Task item>
Below are records with pictures. Reproduce exactly the lines from the line with "97.536 67.056 90)" to the line with "Commit message: Fix inverted", inclusive, and leave each picture out.

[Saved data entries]
------------
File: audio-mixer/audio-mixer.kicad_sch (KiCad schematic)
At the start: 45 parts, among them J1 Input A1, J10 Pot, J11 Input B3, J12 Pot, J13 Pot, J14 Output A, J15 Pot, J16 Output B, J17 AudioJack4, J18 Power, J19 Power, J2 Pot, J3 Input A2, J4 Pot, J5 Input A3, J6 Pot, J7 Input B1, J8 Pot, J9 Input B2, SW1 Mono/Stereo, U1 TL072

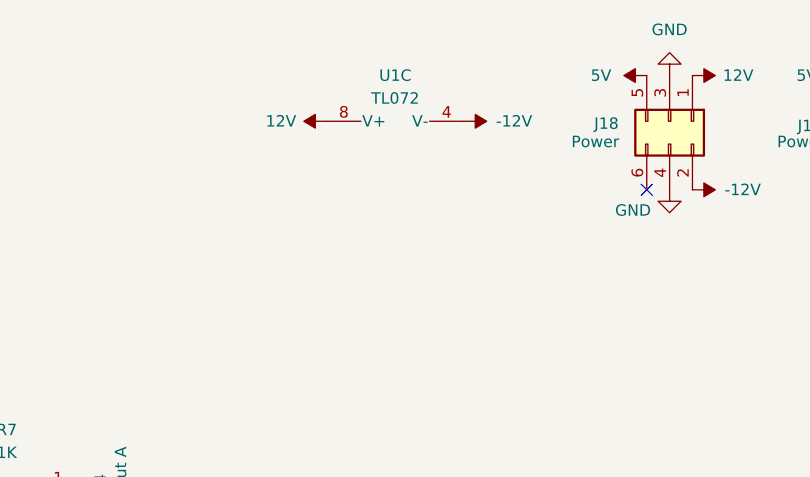
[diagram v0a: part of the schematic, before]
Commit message: More space for backup pot
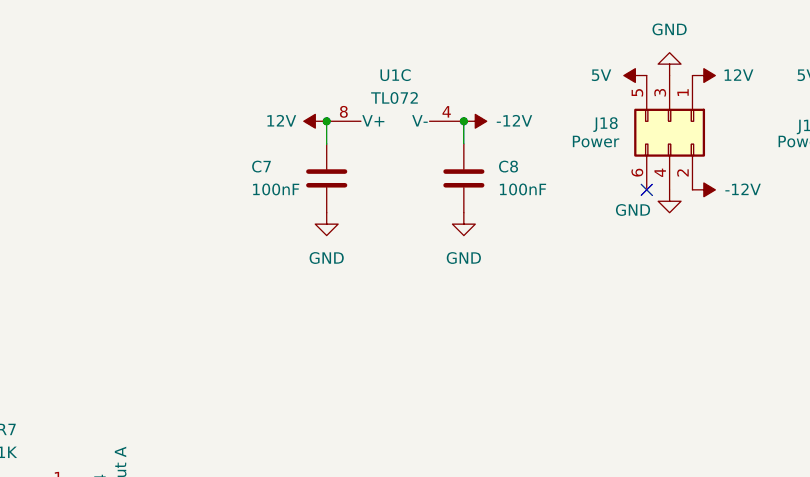
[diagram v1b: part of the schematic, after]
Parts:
- added C7, C8: 100nF, Capacitor_THT:C_Disc_D4.3mm_W1.9mm_P5.00mm, symbol Device:C
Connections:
- net -12V: now also C8.2
- net 12V: now also C7.2
- net GND: now also C7.1, C8.1

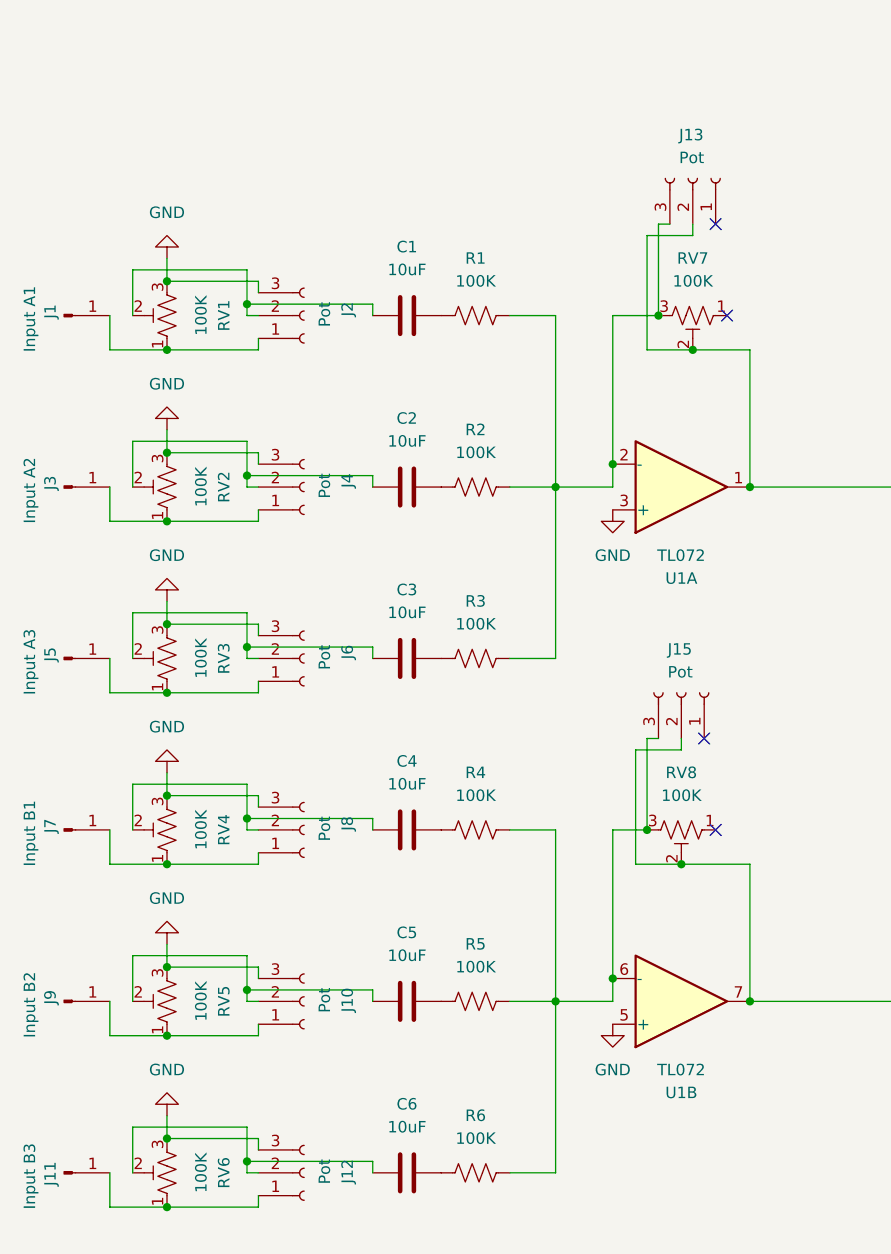
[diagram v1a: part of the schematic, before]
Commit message: Fix issues with audio mixer
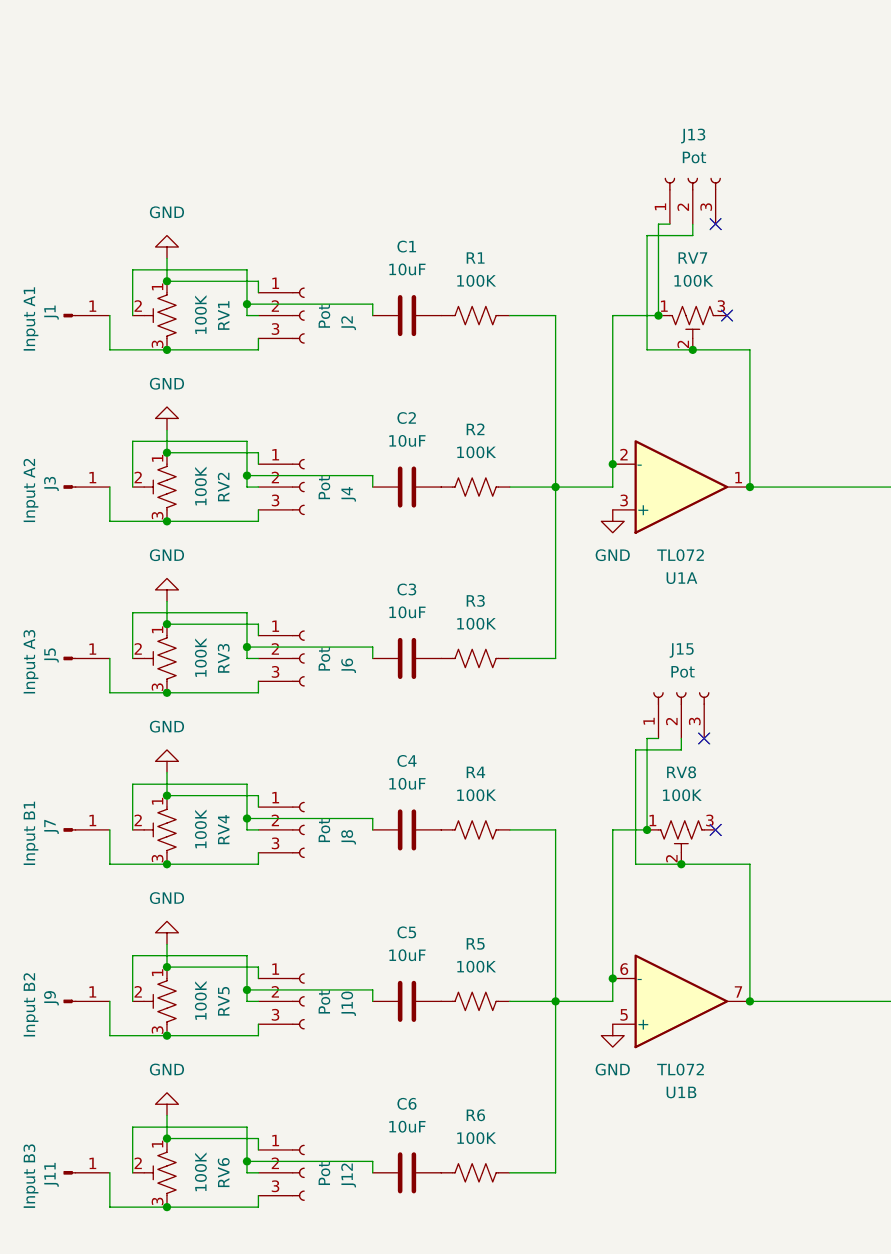
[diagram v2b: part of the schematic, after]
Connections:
- net GND: now also J10.1 (Pin_1), J12.1 (Pin_1), J2.1 (Pin_1), J4.1 (Pin_1), J6.1 (Pin_1), J8.1 (Pin_1), RV1.1, RV2.1, RV3.1, RV4.1, RV5.1, RV6.1; no longer J10.3 (Pin_3), J12.3 (Pin_3), J2.3 (Pin_3), J4.3 (Pin_3), J6.3 (Pin_3), J8.3 (Pin_3), RV1.3, RV2.3, RV3.3, RV4.3, RV5.3, RV6.3
- net at R1.2, R2.2, R3.2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: now also J13.1 (Pin_1), RV7.1; no longer J13.3 (Pin_3), RV7.3
- net at J15.1 (Pin_1): now also R4.2, R5.2, R6.2, RV8.1, U1.6 (-)
- new net: J1.1 (Pin_1), J2.3 (Pin_3), RV1.3
- new net: J3.1 (Pin_1), J4.3 (Pin_3), RV2.3
- new net: J5.1 (Pin_1), J6.3 (Pin_3), RV3.3
- new net: J7.1 (Pin_1), J8.3 (Pin_3), RV4.3
- new net: J10.3 (Pin_3), J9.1 (Pin_1), RV5.3
- new net: J11.1 (Pin_1), J12.3 (Pin_3), RV6.3
- now unconnected: J15.3 (Pin_3), RV8.3
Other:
- moved on the sheet: J13, J15, RV1, RV2, RV3, RV4, RV5, RV6, RV7, RV8
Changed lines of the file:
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@@
 		(lib_id "Connector:Conn_01x03_Socket")
 		(at 95.25 49.53 0)
-		(mirror x)
 		(unit 1)
 		(exclude_from_sim no)
@@
 		(dnp no)
 		(property "Reference" "J2"
-			(at 100.076 48.006 90)
+			(at 100.076 51.054 90)
 			(effects
 				(font
@@
 		)
 		(property "Value" "Pot"
-			(at 97.536 48.006 90)
+			(at 97.536 51.054 90)
 			(effects
 				(font
@@
 	(symbol
 		(lib_id "Device:R_Potentiometer_Trim_US")
-		(at 80.01 49.53 180)
+		(at 80.01 49.53 0)
+		(mirror y)
 		(unit 1)
 		(exclude_from_sim no)
@@
 	(symbol
 		(lib_id "Device:R_Potentiometer_Trim_US")
-		(at 80.01 68.58 180)
+		(at 80.01 68.58 0)
+		(mirror y)
 		(unit 1)
 		(exclude_from_sim no)
@@
 		(lib_id "Connector:Conn_01x03_Socket")
 		(at 95.25 144.78 0)
-		(mirror x)
 		(unit 1)
 		(exclude_from_sim no)
@@
 		(dnp no)
 		(property "Reference" "J12"
-			(at 100.076 143.256 90)
+			(at 100.076 146.304 90)
 			(effects
 				(font
@@
 		)
 		(property "Value" "Pot"
-			(at 97.536 143.256 90)
+			(at 97.536 146.304 90)
 			(effects
 				(font
@@
 	(symbol
 		(lib_id "Connector:Conn_01x03_Socket")
-		(at 137.16 91.44 270)
-		(mirror x)
+		(at 137.16 91.44 90)
 		(unit 1)
 		(exclude_from_sim no)
@@
 		(dnp no)
 		(property "Reference" "J15"
-			(at 135.636 86.614 90)
+			(at 138.684 86.614 90)
 			(effects
 				(font
@@
 		)
 		(property "Value" "Pot"
-			(at 135.636 89.154 90)
+			(at 138.684 89.154 90)
 			(effects
 				(font
@@
 		(lib_id "Connector:Conn_01x03_Socket")
 		(at 95.25 87.63 0)
-		(mirror x)
 		(unit 1)
 		(exclude_from_sim no)
@@
 		(dnp no)
 		(property "Reference" "J6"
-			(at 100.076 86.106 90)
+			(at 100.076 89.154 90)
 			(effects
 				(font
@@
 		)
 		(property "Value" "Pot"
-			(at 97.536 86.106 90)
+			(at 97.536 89.154 90)
 			(effects
 				(font
@@
 	(symbol
 		(lib_id "Device:R_Potentiometer_Trim_US")
-		(at 80.01 87.63 180)
+		(at 80.01 87.63 0)
+		(mirror y)
 		(unit 1)
 		(exclude_from_sim no)
@@
 	(symbol
 		(lib_id "Device:R_Potentiometer_Trim_US")
-		(at 137.16 106.68 270)
+		(at 137.16 106.68 90)
+		(mirror x)
 		(unit 1)
 		(exclude_from_sim no)
@@
 	(symbol
 		(lib_id "Device:R_Potentiometer_Trim_US")
-		(at 138.43 49.53 270)
+		(at 138.43 49.53 90)
+		(mirror x)
 		(unit 1)
 		(exclude_from_sim no)
@@
 		(lib_id "Connector:Conn_01x03_Socket")
 		(at 95.25 125.73 0)
-		(mirror x)
 		(unit 1)
 		(exclude_from_sim no)
@@
 		(dnp no)
 		(property "Reference" "J10"
-			(at 100.076 124.206 90)
+			(at 100.076 127.254 90)
 			(effects
 				(font
@@
 		)
 		(property "Value" "Pot"
-			(at 97.536 124.206 90)
+			(at 97.536 127.254 90)
 			(effects
 				(font
@@
 		(lib_id "Connector:Conn_01x03_Socket")
 		(at 95.25 106.68 0)
-		(mirror x)
 		(unit 1)
 		(exclude_from_sim no)
@@
 		(dnp no)
 		(property "Reference" "J8"
-			(at 100.076 105.156 90)
+			(at 100.076 108.204 90)
 			(effects
 				(font
@@
 		)
 		(property "Value" "Pot"
-			(at 97.536 105.156 90)
+			(at 97.536 108.204 90)
 			(effects
 				(font
@@
 	(symbol
 		(lib_id "Connector:Conn_01x03_Socket")
-		(at 138.43 34.29 270)
-		(mirror x)
+		(at 138.43 34.29 90)
 		(unit 1)
 		(exclude_from_sim no)
@@
 		(dnp no)
 		(property "Reference" "J13"
-			(at 136.906 29.464 90)
+			(at 139.954 29.464 90)
 			(effects
 				(font
@@
 		)
 		(property "Value" "Pot"
-			(at 136.906 32.004 90)
+			(at 139.954 32.004 90)
 			(effects
 				(font
@@
 	(symbol
 		(lib_id "Device:R_Potentiometer_Trim_US")
-		(at 80.01 106.68 180)
+		(at 80.01 106.68 0)
+		(mirror y)
 		(unit 1)
 		(exclude_from_sim no)
@@
 	(symbol
 		(lib_id "Device:R_Potentiometer_Trim_US")
-		(at 80.01 144.78 180)
+		(at 80.01 144.78 0)
+		(mirror y)
 		(unit 1)
 		(exclude_from_sim no)
@@
 		(lib_id "Connector:Conn_01x03_Socket")
 		(at 95.25 68.58 0)
-		(mirror x)
 		(unit 1)
 		(exclude_from_sim no)
@@
 		(dnp no)
 		(property "Reference" "J4"
-			(at 100.076 67.056 90)
+			(at 100.076 70.104 90)
 			(effects
 				(font
@@
 		)
 		(property "Value" "Pot"
-			(at 97.536 67.056 90)
+			(at 97.536 70.104 90)
 			(effects
 				(font
@@
 	(symbol
 		(lib_id "Device:R_Potentiometer_Trim_US")
-		(at 80.01 125.73 180)
+		(at 80.01 125.73 0)
+		(mirror y)
 		(unit 1)
 		(exclude_from_sim no)

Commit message: Various fixes
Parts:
- added J20: Power, Connector_IDC:IDC-Header_2x03_P2.54mm_Vertical, symbol Connector_Generic:Conn_02x03_Odd_Even
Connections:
- net -12V: now also J20.2 (Pin_2)
- net 12V: now also J20.1 (Pin_1)
- net 5V: now also J20.5 (Pin_5)
- net GND: now also J20.3 (Pin_3), J20.4 (Pin_4)
- no-connect marks 7 -> 8
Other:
- moved on the sheet: C7, C8, J18, J19, U1C

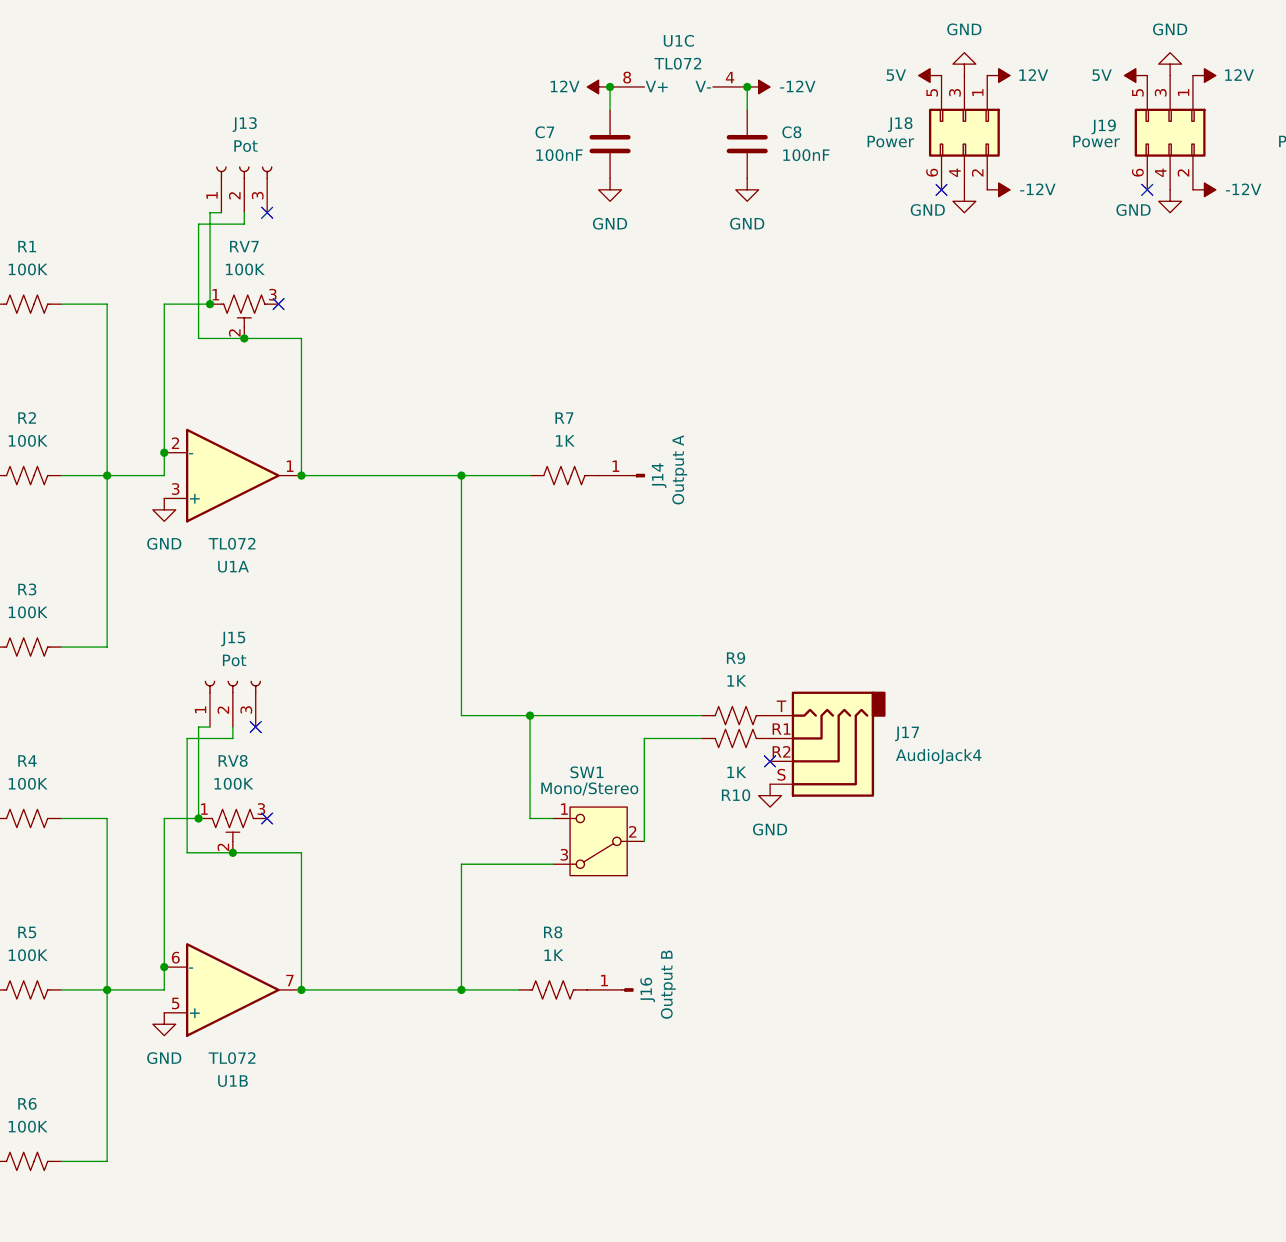
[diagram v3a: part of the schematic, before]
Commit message: Fix inverted output in audio mixer
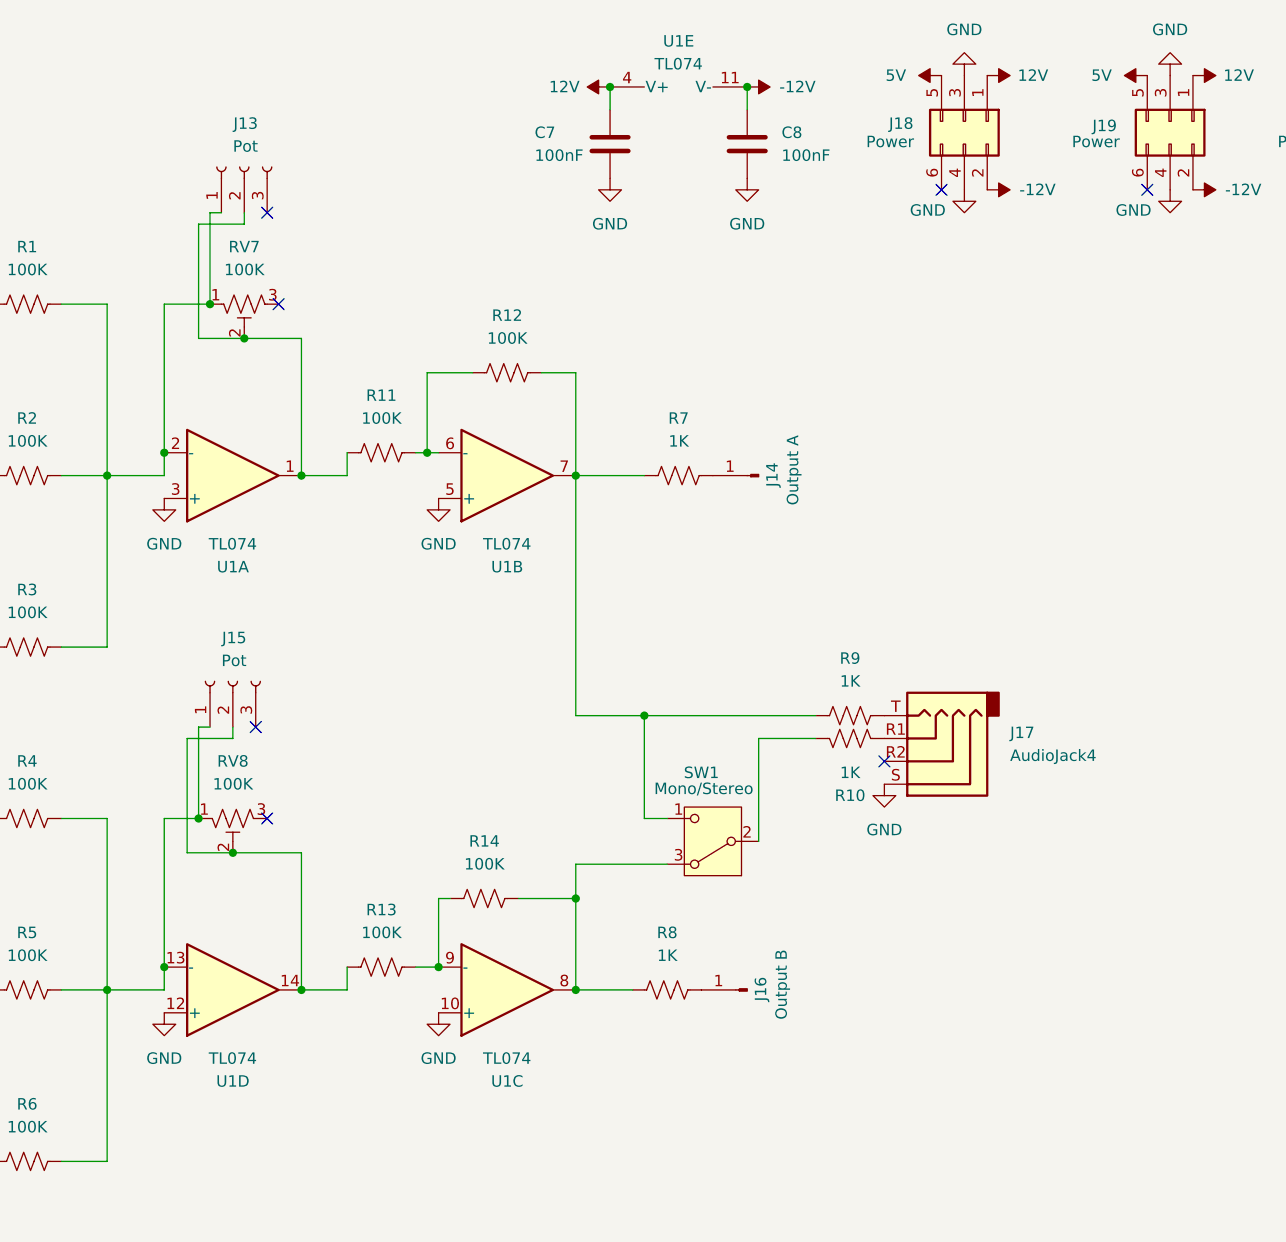
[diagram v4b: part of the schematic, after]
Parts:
- removed U1: TL072, Package_DIP:DIP-8_W7.62mm_Socket, symbol Amplifier_Operational:TL072
- added R11, R12, R13, R14: 100K, Resistor_THT:R_Axial_DIN0207_L6.3mm_D2.5mm_P10.16mm_Horizontal, symbol Device:R_US
- added U1: TL074, Package_DIP:DIP-14_W7.62mm_Socket, symbol Amplifier_Operational:TL074
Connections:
- net -12V: now also U1.11 (V-)
- net 12V: now also U1.4 (V+)
- net GND: now also U1.10 (+), U1.12 (+), U1.3 (+), U1.5 (+)
- net at J13.1 (Pin_1), R1.2, R2.2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: now also U1.2 (-)
- net at J15.1 (Pin_1), R4.2, R5.2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: now also U1.13 (-)
- net at R8.1, SW1.3 (A): now also R14.2, U1.8; no longer J15.2 (Pin_2), RV8.2
- net at R7.1, R9.1, SW1.1 (C): now also R12.2, U1.7; no longer J13.2 (Pin_2), RV7.2
- new net: R11.2, R12.1, U1.6 (-)
- new net: R13.2, R14.1, U1.9 (-)
- new net: J15.2 (Pin_2), R13.1, RV8.2, U1.14
- new net: J13.2 (Pin_2), R11.1, RV7.2, U1.1
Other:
- moved on the sheet: J14, J16, J17, R10, R7, R8, R9, SW1
------------
Reply>
-			(at 97.536 67.056 90)
+			(at 97.536 70.104 90)
 			(effects
 				(font
@@
 	(symbol
 		(lib_id "Device:R_Potentiometer_Trim_US")
-		(at 80.01 125.73 180)
+		(at 80.01 125.73 0)
+		(mirror y)
 		(unit 1)
 		(exclude_from_sim no)

Commit message: Various fixes
Parts:
- added J20: Power, Connector_IDC:IDC-Header_2x03_P2.54mm_Vertical, symbol Connector_Generic:Conn_02x03_Odd_Even
Connections:
- net -12V: now also J20.2 (Pin_2)
- net 12V: now also J20.1 (Pin_1)
- net 5V: now also J20.5 (Pin_5)
- net GND: now also J20.3 (Pin_3), J20.4 (Pin_4)
- no-connect marks 7 -> 8
Other:
- moved on the sheet: C7, C8, J18, J19, U1C

[diagram v3a: part of the schematic, before]
Commit message: Fix inverted output in audio mixer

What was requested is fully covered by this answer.